### Exercise brief
Find the line with "- new net FLASH_P_ENN: U5.FLASH_P_ENN" in the entries below, then reproduce it and every line after it down to and including the line with "X1.1, X2.1, X3.1", exactly.

### Dataset records

....

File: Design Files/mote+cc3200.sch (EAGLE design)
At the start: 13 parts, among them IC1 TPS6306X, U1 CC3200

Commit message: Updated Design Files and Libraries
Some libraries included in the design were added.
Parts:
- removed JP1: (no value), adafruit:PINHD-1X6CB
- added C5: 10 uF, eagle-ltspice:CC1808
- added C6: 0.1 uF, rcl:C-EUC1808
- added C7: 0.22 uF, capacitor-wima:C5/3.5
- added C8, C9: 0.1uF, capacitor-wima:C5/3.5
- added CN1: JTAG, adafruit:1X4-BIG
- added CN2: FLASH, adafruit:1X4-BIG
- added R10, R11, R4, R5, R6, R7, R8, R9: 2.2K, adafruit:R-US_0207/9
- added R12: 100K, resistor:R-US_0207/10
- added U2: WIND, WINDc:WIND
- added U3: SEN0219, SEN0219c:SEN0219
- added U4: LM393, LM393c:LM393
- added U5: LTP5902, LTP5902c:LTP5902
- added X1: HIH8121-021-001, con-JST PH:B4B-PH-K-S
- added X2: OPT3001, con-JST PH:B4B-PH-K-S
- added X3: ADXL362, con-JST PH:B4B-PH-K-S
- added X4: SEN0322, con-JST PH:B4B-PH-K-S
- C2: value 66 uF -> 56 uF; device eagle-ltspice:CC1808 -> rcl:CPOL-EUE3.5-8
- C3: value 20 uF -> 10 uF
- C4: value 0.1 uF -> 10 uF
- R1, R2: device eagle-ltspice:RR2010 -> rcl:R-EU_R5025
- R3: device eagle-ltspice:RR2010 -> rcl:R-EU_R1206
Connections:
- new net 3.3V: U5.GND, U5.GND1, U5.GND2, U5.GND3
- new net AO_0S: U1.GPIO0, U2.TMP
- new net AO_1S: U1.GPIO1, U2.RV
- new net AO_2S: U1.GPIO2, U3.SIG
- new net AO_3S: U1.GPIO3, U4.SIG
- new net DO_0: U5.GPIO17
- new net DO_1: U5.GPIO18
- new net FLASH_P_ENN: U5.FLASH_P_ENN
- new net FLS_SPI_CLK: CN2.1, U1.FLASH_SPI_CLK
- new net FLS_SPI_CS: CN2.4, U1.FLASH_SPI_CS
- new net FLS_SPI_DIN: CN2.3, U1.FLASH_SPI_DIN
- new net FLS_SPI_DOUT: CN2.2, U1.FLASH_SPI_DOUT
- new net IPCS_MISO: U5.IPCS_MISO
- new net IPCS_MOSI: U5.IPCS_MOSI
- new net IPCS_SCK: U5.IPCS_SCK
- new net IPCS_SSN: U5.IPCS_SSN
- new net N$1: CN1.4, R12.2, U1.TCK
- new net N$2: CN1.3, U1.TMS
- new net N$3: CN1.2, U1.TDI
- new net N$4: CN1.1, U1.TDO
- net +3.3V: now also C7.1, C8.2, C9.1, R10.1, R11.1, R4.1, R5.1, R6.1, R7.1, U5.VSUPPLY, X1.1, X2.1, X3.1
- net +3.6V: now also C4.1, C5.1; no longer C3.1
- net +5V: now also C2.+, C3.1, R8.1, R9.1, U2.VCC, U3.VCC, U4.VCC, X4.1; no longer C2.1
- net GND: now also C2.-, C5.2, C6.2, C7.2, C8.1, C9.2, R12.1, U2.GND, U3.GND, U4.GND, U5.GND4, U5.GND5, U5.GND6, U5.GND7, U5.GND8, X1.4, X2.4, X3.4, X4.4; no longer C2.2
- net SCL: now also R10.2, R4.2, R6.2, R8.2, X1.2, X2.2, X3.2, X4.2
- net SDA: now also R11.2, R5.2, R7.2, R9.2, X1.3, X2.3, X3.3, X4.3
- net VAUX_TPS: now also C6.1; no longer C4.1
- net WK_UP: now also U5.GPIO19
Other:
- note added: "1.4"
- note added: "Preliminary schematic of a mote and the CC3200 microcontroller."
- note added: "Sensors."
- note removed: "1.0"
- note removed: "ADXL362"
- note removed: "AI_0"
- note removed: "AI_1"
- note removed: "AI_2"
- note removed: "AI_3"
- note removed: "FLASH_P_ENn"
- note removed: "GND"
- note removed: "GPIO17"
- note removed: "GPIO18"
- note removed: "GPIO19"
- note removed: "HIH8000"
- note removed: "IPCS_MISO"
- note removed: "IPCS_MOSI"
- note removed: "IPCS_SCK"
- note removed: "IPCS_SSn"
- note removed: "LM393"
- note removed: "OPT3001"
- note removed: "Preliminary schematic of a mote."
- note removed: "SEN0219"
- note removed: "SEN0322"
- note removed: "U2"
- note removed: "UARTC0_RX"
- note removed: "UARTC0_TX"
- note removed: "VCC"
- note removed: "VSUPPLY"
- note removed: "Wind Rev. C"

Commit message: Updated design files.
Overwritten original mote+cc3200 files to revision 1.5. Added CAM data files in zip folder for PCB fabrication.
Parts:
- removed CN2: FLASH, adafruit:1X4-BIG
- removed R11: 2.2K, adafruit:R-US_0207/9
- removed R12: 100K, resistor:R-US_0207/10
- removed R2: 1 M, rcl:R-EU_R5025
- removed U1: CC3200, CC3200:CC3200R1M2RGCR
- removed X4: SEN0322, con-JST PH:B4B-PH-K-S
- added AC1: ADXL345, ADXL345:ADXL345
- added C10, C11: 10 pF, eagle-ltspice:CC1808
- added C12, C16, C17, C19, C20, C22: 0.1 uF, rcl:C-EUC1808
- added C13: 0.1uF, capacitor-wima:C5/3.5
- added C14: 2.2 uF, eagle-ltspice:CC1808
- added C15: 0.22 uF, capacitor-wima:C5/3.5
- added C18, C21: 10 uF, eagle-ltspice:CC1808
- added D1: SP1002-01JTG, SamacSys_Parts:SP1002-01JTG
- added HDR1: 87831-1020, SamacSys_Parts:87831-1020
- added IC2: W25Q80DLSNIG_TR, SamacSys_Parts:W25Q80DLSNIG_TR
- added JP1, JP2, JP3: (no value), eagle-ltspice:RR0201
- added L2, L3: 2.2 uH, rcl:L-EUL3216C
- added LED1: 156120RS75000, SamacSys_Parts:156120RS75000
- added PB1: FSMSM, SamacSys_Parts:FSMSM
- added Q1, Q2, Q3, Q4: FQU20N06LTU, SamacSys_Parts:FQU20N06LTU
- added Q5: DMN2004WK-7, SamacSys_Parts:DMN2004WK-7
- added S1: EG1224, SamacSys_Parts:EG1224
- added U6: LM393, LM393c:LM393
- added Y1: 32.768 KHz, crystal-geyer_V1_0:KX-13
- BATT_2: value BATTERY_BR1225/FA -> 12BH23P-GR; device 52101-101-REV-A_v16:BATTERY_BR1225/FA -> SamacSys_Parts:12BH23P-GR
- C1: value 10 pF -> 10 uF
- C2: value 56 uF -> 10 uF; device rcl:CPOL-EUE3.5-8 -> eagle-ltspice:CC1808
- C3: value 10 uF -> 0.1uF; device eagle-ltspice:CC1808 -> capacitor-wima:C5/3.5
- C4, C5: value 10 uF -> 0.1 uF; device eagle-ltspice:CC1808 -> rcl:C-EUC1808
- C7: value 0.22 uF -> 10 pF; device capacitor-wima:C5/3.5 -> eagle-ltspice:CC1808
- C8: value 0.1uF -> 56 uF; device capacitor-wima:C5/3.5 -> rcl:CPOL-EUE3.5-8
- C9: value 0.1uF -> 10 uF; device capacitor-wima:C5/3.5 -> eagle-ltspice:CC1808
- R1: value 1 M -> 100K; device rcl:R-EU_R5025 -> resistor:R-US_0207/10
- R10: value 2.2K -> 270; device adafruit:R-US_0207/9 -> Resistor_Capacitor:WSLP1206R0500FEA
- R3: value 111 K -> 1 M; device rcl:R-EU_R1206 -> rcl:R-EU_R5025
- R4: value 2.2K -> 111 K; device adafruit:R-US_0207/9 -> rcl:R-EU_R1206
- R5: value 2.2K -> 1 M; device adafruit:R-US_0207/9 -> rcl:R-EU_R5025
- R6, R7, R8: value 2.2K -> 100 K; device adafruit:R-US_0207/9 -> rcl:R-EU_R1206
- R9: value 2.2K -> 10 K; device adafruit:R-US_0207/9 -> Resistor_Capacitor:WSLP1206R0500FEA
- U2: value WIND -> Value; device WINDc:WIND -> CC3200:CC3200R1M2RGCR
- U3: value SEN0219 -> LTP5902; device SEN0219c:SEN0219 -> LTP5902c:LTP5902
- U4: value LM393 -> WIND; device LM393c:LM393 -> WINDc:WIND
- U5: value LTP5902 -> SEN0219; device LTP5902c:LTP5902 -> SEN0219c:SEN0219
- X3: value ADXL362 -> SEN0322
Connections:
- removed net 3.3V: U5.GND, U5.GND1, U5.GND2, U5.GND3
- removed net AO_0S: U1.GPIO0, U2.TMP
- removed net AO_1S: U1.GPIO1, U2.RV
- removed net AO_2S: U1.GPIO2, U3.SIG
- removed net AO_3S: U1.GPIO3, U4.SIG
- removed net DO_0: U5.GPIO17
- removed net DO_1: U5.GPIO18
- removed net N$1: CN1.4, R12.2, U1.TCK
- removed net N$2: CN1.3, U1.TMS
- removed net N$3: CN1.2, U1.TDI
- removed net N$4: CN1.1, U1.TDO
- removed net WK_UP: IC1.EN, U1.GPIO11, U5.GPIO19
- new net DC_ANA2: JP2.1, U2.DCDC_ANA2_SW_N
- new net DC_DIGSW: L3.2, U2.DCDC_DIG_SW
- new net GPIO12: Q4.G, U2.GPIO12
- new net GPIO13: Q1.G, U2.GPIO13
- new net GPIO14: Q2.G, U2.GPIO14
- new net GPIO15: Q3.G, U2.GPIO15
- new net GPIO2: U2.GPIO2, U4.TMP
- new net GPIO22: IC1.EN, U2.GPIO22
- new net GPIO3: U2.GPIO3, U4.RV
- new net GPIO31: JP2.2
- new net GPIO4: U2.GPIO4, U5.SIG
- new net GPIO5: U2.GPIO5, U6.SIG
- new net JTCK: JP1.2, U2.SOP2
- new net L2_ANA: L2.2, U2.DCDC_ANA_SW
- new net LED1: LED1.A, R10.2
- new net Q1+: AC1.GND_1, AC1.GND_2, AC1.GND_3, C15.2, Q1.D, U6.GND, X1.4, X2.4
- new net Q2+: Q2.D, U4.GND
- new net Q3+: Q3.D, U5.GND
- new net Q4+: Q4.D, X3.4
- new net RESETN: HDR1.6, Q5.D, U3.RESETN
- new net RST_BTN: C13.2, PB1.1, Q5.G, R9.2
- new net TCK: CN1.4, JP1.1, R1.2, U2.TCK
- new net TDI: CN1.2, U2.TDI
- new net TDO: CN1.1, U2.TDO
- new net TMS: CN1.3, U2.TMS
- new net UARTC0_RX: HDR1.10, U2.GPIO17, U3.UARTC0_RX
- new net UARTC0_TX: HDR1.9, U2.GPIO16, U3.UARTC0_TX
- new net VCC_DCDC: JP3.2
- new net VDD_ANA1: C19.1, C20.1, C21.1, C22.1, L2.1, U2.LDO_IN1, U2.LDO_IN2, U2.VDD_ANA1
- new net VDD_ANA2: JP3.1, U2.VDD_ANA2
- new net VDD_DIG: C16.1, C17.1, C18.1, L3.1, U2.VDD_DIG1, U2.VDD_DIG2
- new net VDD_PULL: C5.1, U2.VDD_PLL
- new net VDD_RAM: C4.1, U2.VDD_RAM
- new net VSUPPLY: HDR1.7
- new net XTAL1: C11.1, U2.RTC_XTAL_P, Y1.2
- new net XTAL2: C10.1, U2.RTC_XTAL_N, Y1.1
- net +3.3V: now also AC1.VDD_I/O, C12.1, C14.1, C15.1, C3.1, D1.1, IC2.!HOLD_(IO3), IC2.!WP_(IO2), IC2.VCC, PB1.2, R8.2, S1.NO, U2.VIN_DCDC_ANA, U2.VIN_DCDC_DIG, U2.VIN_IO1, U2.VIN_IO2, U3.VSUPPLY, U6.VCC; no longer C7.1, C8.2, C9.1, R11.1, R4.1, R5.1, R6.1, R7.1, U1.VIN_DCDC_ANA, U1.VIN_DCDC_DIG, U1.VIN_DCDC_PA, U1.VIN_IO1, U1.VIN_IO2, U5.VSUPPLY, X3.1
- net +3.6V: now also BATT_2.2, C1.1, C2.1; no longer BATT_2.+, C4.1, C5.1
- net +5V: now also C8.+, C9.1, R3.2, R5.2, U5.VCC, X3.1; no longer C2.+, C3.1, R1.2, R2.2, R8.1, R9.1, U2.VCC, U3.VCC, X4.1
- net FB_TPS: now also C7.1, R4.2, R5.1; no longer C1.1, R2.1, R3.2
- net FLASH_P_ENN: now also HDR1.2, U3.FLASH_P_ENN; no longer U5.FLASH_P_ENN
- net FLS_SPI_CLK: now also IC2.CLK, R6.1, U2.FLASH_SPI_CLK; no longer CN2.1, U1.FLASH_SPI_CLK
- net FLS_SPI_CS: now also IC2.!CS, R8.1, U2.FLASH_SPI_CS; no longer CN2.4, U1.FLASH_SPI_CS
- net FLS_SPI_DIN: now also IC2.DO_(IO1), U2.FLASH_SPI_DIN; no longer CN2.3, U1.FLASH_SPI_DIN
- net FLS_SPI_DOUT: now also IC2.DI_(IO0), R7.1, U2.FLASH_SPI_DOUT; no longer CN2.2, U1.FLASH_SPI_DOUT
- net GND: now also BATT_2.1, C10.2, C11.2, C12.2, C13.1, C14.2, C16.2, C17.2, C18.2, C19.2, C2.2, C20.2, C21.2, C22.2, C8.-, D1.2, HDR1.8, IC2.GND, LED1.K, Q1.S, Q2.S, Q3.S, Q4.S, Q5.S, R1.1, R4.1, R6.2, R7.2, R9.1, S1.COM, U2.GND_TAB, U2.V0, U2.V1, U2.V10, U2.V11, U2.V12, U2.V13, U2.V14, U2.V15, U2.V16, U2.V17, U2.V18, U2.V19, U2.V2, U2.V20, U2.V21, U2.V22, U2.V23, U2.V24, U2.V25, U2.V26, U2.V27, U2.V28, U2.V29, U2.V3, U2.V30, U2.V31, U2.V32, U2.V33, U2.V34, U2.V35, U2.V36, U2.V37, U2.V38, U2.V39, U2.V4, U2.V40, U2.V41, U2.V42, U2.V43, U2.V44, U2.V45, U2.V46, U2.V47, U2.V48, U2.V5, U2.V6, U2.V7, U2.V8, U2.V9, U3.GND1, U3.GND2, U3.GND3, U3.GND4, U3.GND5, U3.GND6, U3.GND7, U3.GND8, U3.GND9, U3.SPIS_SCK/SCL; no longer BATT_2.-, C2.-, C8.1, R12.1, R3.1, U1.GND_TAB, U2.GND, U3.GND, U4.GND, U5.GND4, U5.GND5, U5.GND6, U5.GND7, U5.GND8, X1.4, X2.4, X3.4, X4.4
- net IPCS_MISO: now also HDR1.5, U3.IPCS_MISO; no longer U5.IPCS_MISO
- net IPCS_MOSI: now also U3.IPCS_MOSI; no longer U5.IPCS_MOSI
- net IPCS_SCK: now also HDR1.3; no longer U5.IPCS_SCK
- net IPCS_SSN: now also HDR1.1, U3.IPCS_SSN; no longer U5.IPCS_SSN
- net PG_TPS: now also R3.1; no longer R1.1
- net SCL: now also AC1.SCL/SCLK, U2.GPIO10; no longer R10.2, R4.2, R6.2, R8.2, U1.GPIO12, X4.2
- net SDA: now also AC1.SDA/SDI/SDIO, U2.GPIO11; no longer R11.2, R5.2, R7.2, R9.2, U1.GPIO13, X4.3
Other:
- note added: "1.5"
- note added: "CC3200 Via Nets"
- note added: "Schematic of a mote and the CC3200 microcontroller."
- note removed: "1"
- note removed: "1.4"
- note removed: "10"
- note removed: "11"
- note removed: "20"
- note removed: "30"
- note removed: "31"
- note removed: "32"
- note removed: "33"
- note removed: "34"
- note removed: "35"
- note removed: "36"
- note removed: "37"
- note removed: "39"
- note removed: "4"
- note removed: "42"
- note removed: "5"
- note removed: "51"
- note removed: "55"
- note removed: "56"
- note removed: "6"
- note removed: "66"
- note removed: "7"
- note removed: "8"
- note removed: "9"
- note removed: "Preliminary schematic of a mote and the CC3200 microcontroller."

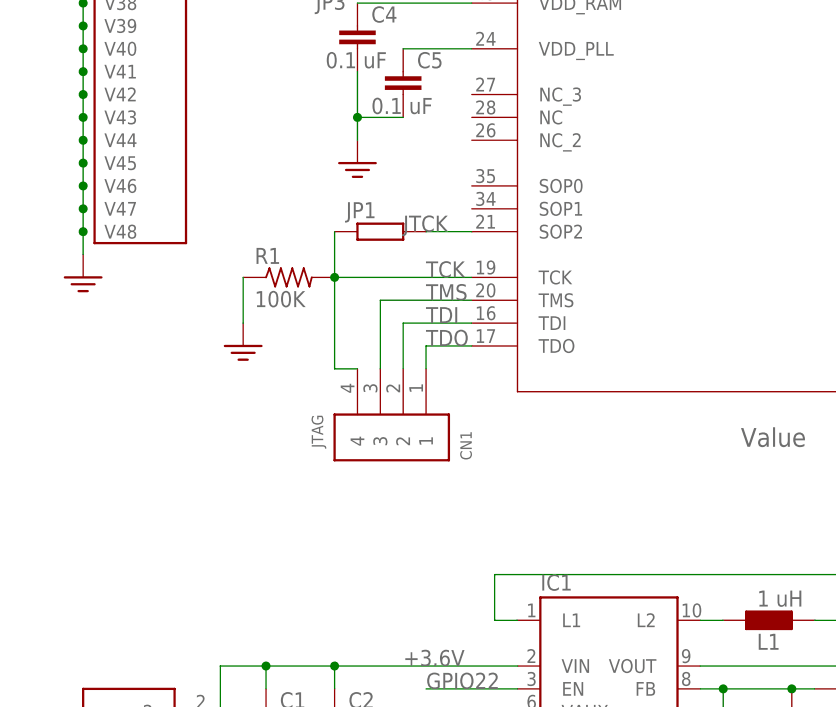
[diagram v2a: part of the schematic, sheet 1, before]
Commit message: Design files revised.
Added SOP connections to the design.
Ground stitched vias on the board were placed.
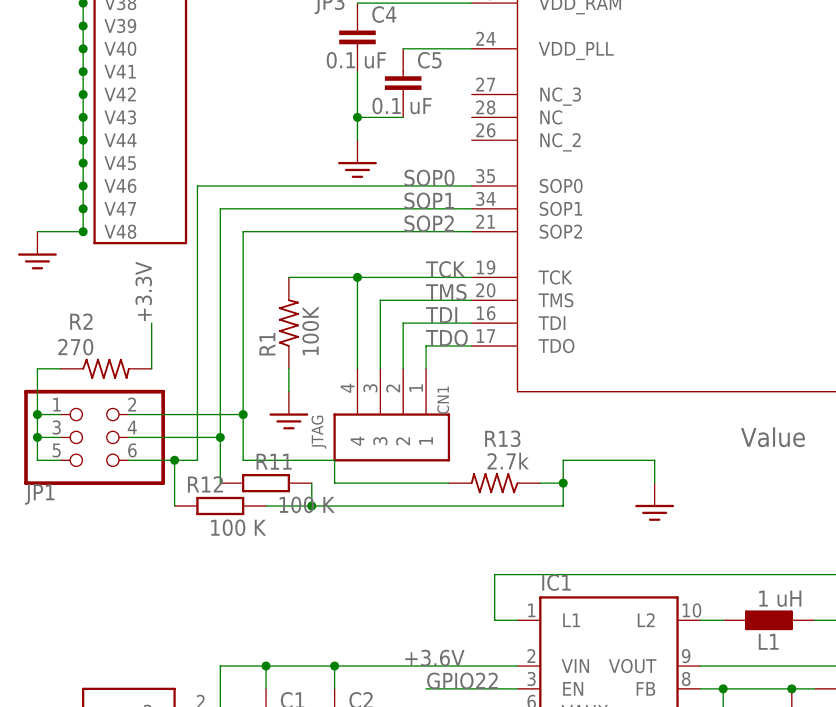
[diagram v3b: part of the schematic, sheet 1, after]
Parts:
- added R11, R12: 100 K, rcl:R-EU_R1206
- added R13: 2.7k, Resistor_Capacitor:WSLP1206R0500FEA
- added R2: 270, Resistor_Capacitor:WSLP1206R0500FEA
- JP1: device eagle-ltspice:RR0201 -> pinhead:PINHD-2X3/90
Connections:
- removed net JTCK: JP1.2, U2.SOP2
- new net JP1_PWR: JP1.1, JP1.3, JP1.5, R2.1
- new net SOP0: JP1.6, R12.1, U2.SOP0
- new net SOP1: JP1.4, R11.1, U2.SOP1
- new net SOP2: JP1.2, R13.2, U2.SOP2
- net +3.3V: now also R2.2
- net GND: now also R11.2, R12.2, R13.1
- net TCK: no longer JP1.1
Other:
- moved on the sheet: R1

....

### Response to the task
- new net FLASH_P_ENN: U5.FLASH_P_ENN
- new net FLS_SPI_CLK: CN2.1, U1.FLASH_SPI_CLK
- new net FLS_SPI_CS: CN2.4, U1.FLASH_SPI_CS
- new net FLS_SPI_DIN: CN2.3, U1.FLASH_SPI_DIN
- new net FLS_SPI_DOUT: CN2.2, U1.FLASH_SPI_DOUT
- new net IPCS_MISO: U5.IPCS_MISO
- new net IPCS_MOSI: U5.IPCS_MOSI
- new net IPCS_SCK: U5.IPCS_SCK
- new net IPCS_SSN: U5.IPCS_SSN
- new net N$1: CN1.4, R12.2, U1.TCK
- new net N$2: CN1.3, U1.TMS
- new net N$3: CN1.2, U1.TDI
- new net N$4: CN1.1, U1.TDO
- net +3.3V: now also C7.1, C8.2, C9.1, R10.1, R11.1, R4.1, R5.1, R6.1, R7.1, U5.VSUPPLY, X1.1, X2.1, X3.1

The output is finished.